From now on, no inrush current should flow through the I/O devices 0 to n, and if the current detection circuit 10 detects a P-P current in this state, it will be treated as an overcurrent and will be activated by the ON pulse from the transistor Tr and the latch. The condition that both inputs are "0" is established between the input signals from and to the gate circuit G1. As a result, the latch becomes active, turning on the transistor Trb shown in FIG. 1, energizing the relay RLB, and breaking the relay contact r1b. This allows I/
The DC power supplies for driving the O devices 0 to n are cut off.

By mounting this circuit on a hard disk controller or the like instead of a power supply device, it becomes possible to add this function only when a hard disk is needed without providing redundancy to the power supply.

〔Effect of the invention〕

According to the present invention, it is possible to implement sequential power-on with a simple configuration, and it is also possible to handle inrush current at power-on and overcurrent during normal operation separately, thereby achieving hardware simplification.
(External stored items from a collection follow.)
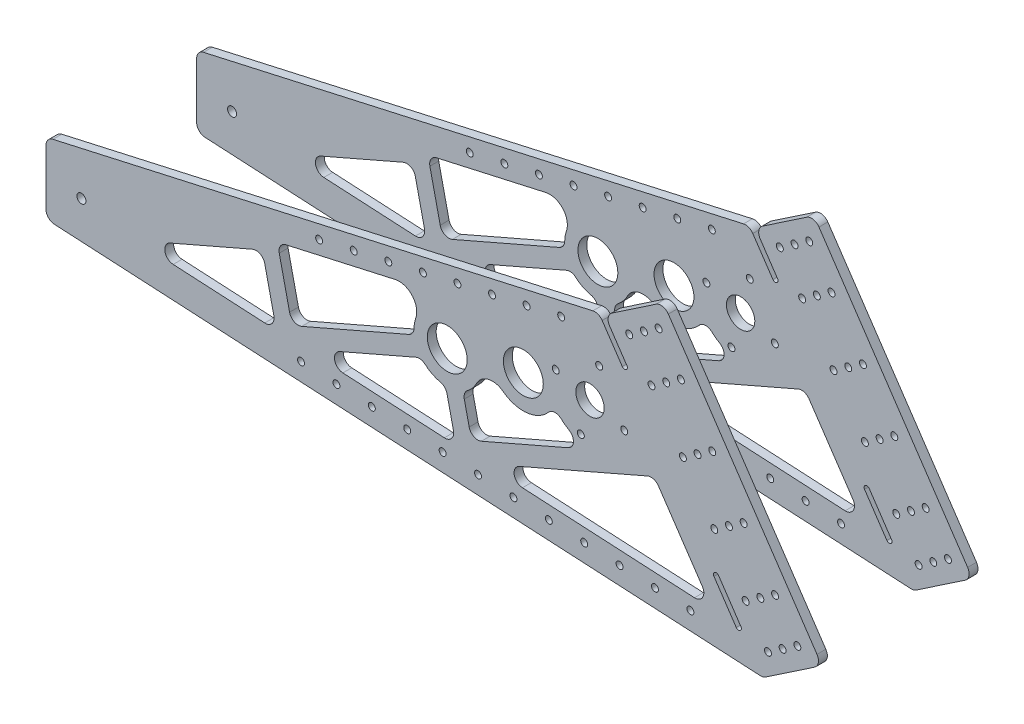
SolidWorks part; units mm, degrees
other "Markup1"
sketch "Sketch2"
sketch "Sketch9" plane through (0, 0, 0) normal (0, 0, 1) x (1, 0, 0)
sketch "Sketch12" plane through (116.0373, 167.646, 63.5) normal (0, 0, 1) x (1, 0, 0)
sketch "Sketch13" plane through (116.0373, 167.646, 63.5) normal (0, 0, 1) x (1, 0, 0)
sketch "Sketch14" plane through (116.0373, 167.646, 63.5) normal (0, 0, 1) x (1, 0, 0)
sketch "Sketch16" plane through (116.0373, 167.646, 63.5) normal (0, 0, 1) x (1, 0, 0)
sketch "Sketch17" plane through (116.0373, 167.8557, 63.5) normal (0, 0, 1) x (1, 0, 0)
sketch "Sketch18" plane through (116.0373, 167.7906, 57.15) normal (0, 0, 1) x (1, 0, 0)
sketch "Sketch19" plane through (84.5137, 127.089, 57.15) normal (0, 0, 1) x (1, 0, 0)
material "6061-T6 (SS)"
ref_plane "Front Plane" through (0, 0, 0) normal (0, 0, 1) x (1, 0, 0)
ref_plane "Top Plane" through (0, 0, 0) normal (0, 1, 0) x (1, 0, 0)
ref_plane "Right Plane" through (0, 0, 0) normal (1, 0, 0) x (0, 0, -1)
sketch "Grid" plane through (0, 0, 0) normal (0, 0, 1) x (1, 0, 0)
  line L0 (-23.2766, 0) -> (153.3593, 0) construction
  line L1 (0, 0) -> (0, 151.4205) construction
  line L6 (-1009.65, 1168.4) -> (-1009.65, 0) construction
  line L15 (-361.95, 520.7) -> (-803.275, 520.7)
  line L16 (-361.95, 520.7) -> (-361.95, 0)
  line L17 (-361.95, 0) -> (-803.275, 0)
  line L18 (-803.275, 520.7) -> (-803.275, 0)
  line L19 (-803.275, 0) -> (-1244.6, 0)
  line L20 (-803.275, 0) -> (-803.275, 825.5)
  line L21 (-803.275, 825.5) -> (-1244.6, 825.5)
  line L22 (-1244.6, 0) -> (-1244.6, 825.5)
  line L23 (-1030.732, 0) -> (-988.568, 0)
  line L24 (-1030.732, 0) -> (-1030.732, 1168.4)
  line L25 (-1030.732, 1168.4) -> (-988.568, 1168.4)
  line L26 (-988.568, 0) -> (-988.568, 1168.4)
  line L27 (-598.932, 0) -> (-556.768, 0)
  line L28 (-598.932, 0) -> (-598.932, 863.6)
  line L29 (-598.932, 863.6) -> (-556.768, 863.6)
  line L30 (-556.768, 0) -> (-556.768, 863.6)
  line L31 (-577.85, 863.6) -> (-577.85, 0) construction
  line L32 (-361.95, 520.7) -> (-361.95, 596.9) construction
  line L33 (-803.275, 825.5) -> (-803.275, 901.7) construction
  line L34 (-370.0766, 0) -> (-263.7141, 304.8)
  line L35 (-263.7141, 304.8) -> (-157.3516, 0)
  line L36 (-157.3516, 0) -> (-370.0766, 0)
  circle A0 centre (-100.3958, 159.9664) radius 120.65
  dimension "D3" = 241.3
  dimension "D2" = 76.2
  dimension "D4" = 304.8
  dimension "D5" = 212.725
  dimension "D7" = 42.164
  dimension "D8" = 520.7
  dimension "D9" = 304.8
  dimension "D10" = 1168.4
  dimension "D11" = 863.6
  dimension "D12" = 361.95
  dimension "D13" = 577.85
  dimension "D14" = 803.275
  dimension "D15" = 1009.65
sketch "ChassisXY" plane through (0, 0, 0) normal (0, 0, 1) x (1, 0, 0)
  line L0 (755.65, 93.726) -> (95.25, 93.726)
  line L1 (755.65, 93.726) -> (755.65, 42.926)
  line L2 (755.65, 42.926) -> (95.25, 42.926)
  line L3 (95.25, 93.726) -> (95.25, 42.926)
  line L15 (736.7108, 119.126) -> (675.4349, 119.126)
  line L16 (787.4, 42.926) -> (768.35, 42.926)
  line L19 (63.5, 169.926) -> (82.55, 169.926)
  line L20 (736.7108, 119.126) -> (694.5957, 90.719) construction
  line L21 (736.7108, 119.126) -> (717.55, 147.533) construction
  line L22 (694.5957, 90.719) -> (675.4349, 119.126) construction
  line L23 (717.55, 147.533) -> (675.4349, 119.126) construction
  line L27 (63.5, 169.926) -> (63.5, 42.926)
  line L31 (88.9, 42.926) -> (88.9, 1979.9925) construction
  line L32 (62.806, 1979.9925) -> (762, 1979.9925) construction
  line L33 (63.5, 42.926) -> (82.55, 42.926)
  line L36 (88.9, 1320.8) -> (762, 1320.8) construction
  line L37 (88.9, 988.6997) -> (131.0151, 1017.1067) construction
  line L45 (63.5, 42.926) -> (31.75, 42.926)
  line L46 (717.55, 147.533) -> (675.4349, 119.126) construction
  line L47 (717.55, 147.533) -> (-518.4596, 1979.9925) construction
  line L48 (675.4349, 119.126) -> (-560.5747, 1951.5855) construction
  line L49 (-518.4596, 1979.9925) -> (-560.5747, 1951.5855) construction
  line L50 (63.5, 42.926) -> (63.5, 169.926)
  line L51 (0, 74.676) -> (0, 138.176)
  line L52 (31.75, 169.926) -> (63.5, 169.926)
  line L54 (425.45, 93.726) -> (425.45, 42.926) construction
  line L55 (762, 42.926) -> (762, 1979.9925) construction
  line L56 (819.15, 169.926) -> (787.4, 169.926)
  line L57 (850.9, 74.676) -> (850.9, 138.176)
  line L58 (787.4, 42.926) -> (787.4, 169.926)
  line L59 (787.4, 42.926) -> (819.15, 42.926)
  line L60 (82.55, 169.926) -> (82.55, 42.926)
  line L61 (768.35, 169.926) -> (768.35, 42.926)
  line L62 (787.4, 169.926) -> (768.35, 169.926)
  line L63 (787.4, 169.926) -> (787.4, 42.926)
  line L64 (0, 0) -> (0, 200151.4205) construction
  line L65 (-200023.2766, 0) -> (200153.3593, 0) construction
  line L66 (95.25, 152.4) -> (755.65, 152.4) construction
  arc A5 (31.75, 169.926) -> (0, 138.176) centre (31.75, 138.176) ccw
  arc A6 (0, 74.676) -> (31.75, 42.926) centre (31.75, 74.676) ccw
  circle A7 centre (31.75, 74.676) radius 31.75 construction
  circle A8 centre (31.75, 138.176) radius 31.75 construction
  circle A9 centre (819.15, 138.176) radius 31.75 construction
  circle A10 centre (819.15, 74.676) radius 31.75 construction
  arc A11 (850.9, 74.676) -> (819.15, 42.926) centre (819.15, 74.676) cw
  arc A12 (819.15, 169.926) -> (850.9, 138.176) centre (819.15, 138.176) cw
  dimension "D3" = 63.5
  dimension "D1" = 50.8
  dimension "D2" = 56
  dimension "D4" = 38.1
  dimension "D5" = 50.8
  dimension "D6" = 12.7
  dimension "D7" = 19.05
  dimension "D8" = 42.926
  dimension "D9" = 109.474
  dimension "D10" = 25.4
  dimension "D12" = 660.4
  dimension "D13" = 6.35
ref_plane "Plane1" through (561.5696, 378.7835, 0) normal (0.829, 0.5592, 0) x (-0.5592, 0.829, 0)
sketch "carriage geo" plane through (0, 0, 0) normal (0, 0, 1) x (1, 0, 0)
  line L1 (116.0373, 195.326) -> (624.0373, 195.326)
  line L2 (116.0373, 195.326) -> (116.0373, 246.126)
  line L3 (116.0373, 246.126) -> (624.0373, 246.126)
  line L4 (624.0373, 195.326) -> (624.0373, 246.126)
  line L6 (624.0373, 195.326) -> (700.6322, 195.326) construction
  line L17 (717.55, 147.533) -> (-518.4596, 1979.9925) construction
  line L24 (624.0373, 246.126) -> (666.3671, 246.126) construction
  line L33 (666.3671, 246.126) -> (700.6322, 195.326) construction
  line L35 (675.4349, 119.126) -> (-560.5747, 1951.5855) construction
  line L64 (755.65, 93.726) -> (95.25, 93.726) construction
  circle A0 centre (154.1373, 220.726) radius 14.2875
  circle A58 centre (256.8816, 507.741) radius 25.4
  line B0 (120.4355, 364.2548) -> (144.4436, 355.656) construction
  line B1 (345.3934, 565.2279) -> (248.3868, 535.0242)
  line B2 (339.9907, 375.4447) -> (343.9447, 374.0285) construction
  line B3 (348.2442, 386.0326) -> (300.3235, 403.196) construction
  line B4 (308.577, 413.7839) -> (348.5895, 399.4529)
  line B5 (107.1432, 327.1426) -> (206.8255, 291.4401)
  line B6 (112.3162, 360.4178) -> (103.3062, 335.2619)
  line B7 (352.5436, 398.0367) -> (348.5895, 399.4529) construction
  line B8 (366.599, 439.1494) -> (341.413, 442.4393) construction
  line B9 (353.8882, 537.9448) -> (341.413, 442.4393) construction
  line B10 (343.9447, 374.0285) -> (352.5436, 398.0367)
  line B11 (348.5895, 399.4529) -> (308.577, 413.7839)
  line B12 (304.6229, 415.2001) -> (296.0241, 391.1919)
  line B13 (299.9781, 389.7757) -> (339.9907, 375.4447)
  line B14 (140.4752, 344.576) -> (141.8914, 348.5301) construction
  line B15 (129.3385, 325.9381) -> (133.2925, 324.5219) construction
  line B16 (110.7006, 337.0748) -> (109.2844, 333.1207) construction
  line B17 (121.8372, 355.7127) -> (117.8832, 357.1289) construction
  line B18 (117.8832, 357.1289) -> (110.7006, 337.0748)
  line B19 (109.2844, 333.1207) -> (129.3385, 325.9381)
  line B20 (141.8914, 348.5301) -> (121.8372, 355.7127)
  line B21 (133.2925, 324.5219) -> (140.4752, 344.576)
  line B22 (296.0241, 391.1919) -> (299.9781, 389.7757) construction
  line B23 (308.577, 413.7839) -> (304.6229, 415.2001) construction
  arc B24 (248.3868, 535.0242) -> (233.4586, 491.3735) centre (256.8816, 507.741) ccw
  circle B25 centre (256.8816, 507.741) radius 3.1877
  circle B26 centre (353.8882, 537.9448) radius 3.1877
  arc B27 (107.1432, 327.1426) -> (103.3062, 335.2619) centre (109.2844, 333.1207) cw
  circle B28 centre (341.413, 442.4393) radius 30 construction
  arc B29 (121.2422, 363.9009) -> (112.3162, 360.4178) centre (118.2943, 358.2767) ccw
  arc B30 (233.4586, 491.3735) -> (121.2422, 363.9009) centre (161.817, 441.3116) cw
  circle B31 centre (341.413, 442.4393) radius 25.4 construction
  circle B32 centre (366.599, 439.1494) radius 2.4892
  circle B33 centre (338.1231, 417.2533) radius 2.4892
  circle B34 centre (316.2269, 445.7292) radius 2.4892
  circle B35 centre (344.7029, 467.6254) radius 2.4892
  circle B36 centre (341.413, 442.4393) radius 10.16
  circle B37 centre (147.3899, 326.2177) radius 2.4892
  arc B38 (376.4624, 520.4251) -> (367.6342, 457.9958) centre (426.6271, 481.4924) ccw
  arc B39 (367.6342, 457.9958) -> (206.8255, 291.4401) centre (249.6484, 411.0026) cw
  arc B40 (133.2925, 324.5219) -> (129.3385, 325.9381) centre (131.3155, 325.23) cw
  arc B41 (343.9447, 374.0285) -> (339.9907, 375.4447) centre (341.9677, 374.7366) cw
  arc B42 (296.0241, 391.1919) -> (299.9781, 389.7757) centre (298.0011, 390.4838) ccw
  arc B43 (352.5436, 398.0367) -> (348.5895, 399.4529) centre (350.5666, 398.7448) ccw
  arc B44 (304.6229, 415.2001) -> (308.577, 413.7839) centre (306.5999, 414.492) cw
  arc B45 (109.2844, 333.1207) -> (110.7006, 337.0748) centre (109.9925, 335.0977) cw
  arc B46 (117.8832, 357.1289) -> (121.8372, 355.7127) centre (119.8602, 356.4208) cw
  arc B47 (141.8914, 348.5301) -> (140.4752, 344.576) centre (141.1833, 346.553) cw
  circle B48 centre (353.8882, 537.9448) radius 28.575
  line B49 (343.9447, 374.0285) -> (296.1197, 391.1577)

[Brief explanation of drawings]

Fig. 1 is a diagram showing the configuration of a power supply control circuit according to one embodiment of the present invention, Fig. 2 is an internal configuration diagram of a power supply sequence control circuit, Fig. 3 is a diagram showing inrush power supply waveforms, and Fig. 4 is a set value. FIG. 2 is a diagram showing the relationship between the connection order of the I/O devices and the connection order of the I/O devices. In Figure 2, 10 is a current detection circuit, 11 is a monostable multivibrator, 1
3 is a counter, 14 is a decoder, 16, 17, 1
8-1 to 18-n are latches.

Claims (1)

[Scope of Claims] 1. Current detection means for detecting a peak-to-peak current of a predetermined value or more with respect to a feedback current flowing from an applied power source or a power-supplied device to a power source; and a delay in the output signal from the current detection means. a delay means; a counting means for performing a counting operation according to an output signal of the delay means; a decoding means for decoding the output of the counting means; a latch means for holding the output of the decoding means; It is equipped with a switch means for controlling power-on to the corresponding power-supplied devices by an output, and a power-on completion detection means for detecting that power-on to all the power-supplied devices has been completed, and a feedback current or Each time a peak-to-peak current equal to or higher than a predetermined value is detected regarding the inrush current, the counting means performs a count operation, and the latch means and switch means corresponding to the output of the counting means are operated. Turn on the power to the power supplied devices in sequence, and after turning on the power,
A power supply control system characterized in that the output of the current detection means is input to overcurrent detection and holding means based on the output of the power-on completion detection means.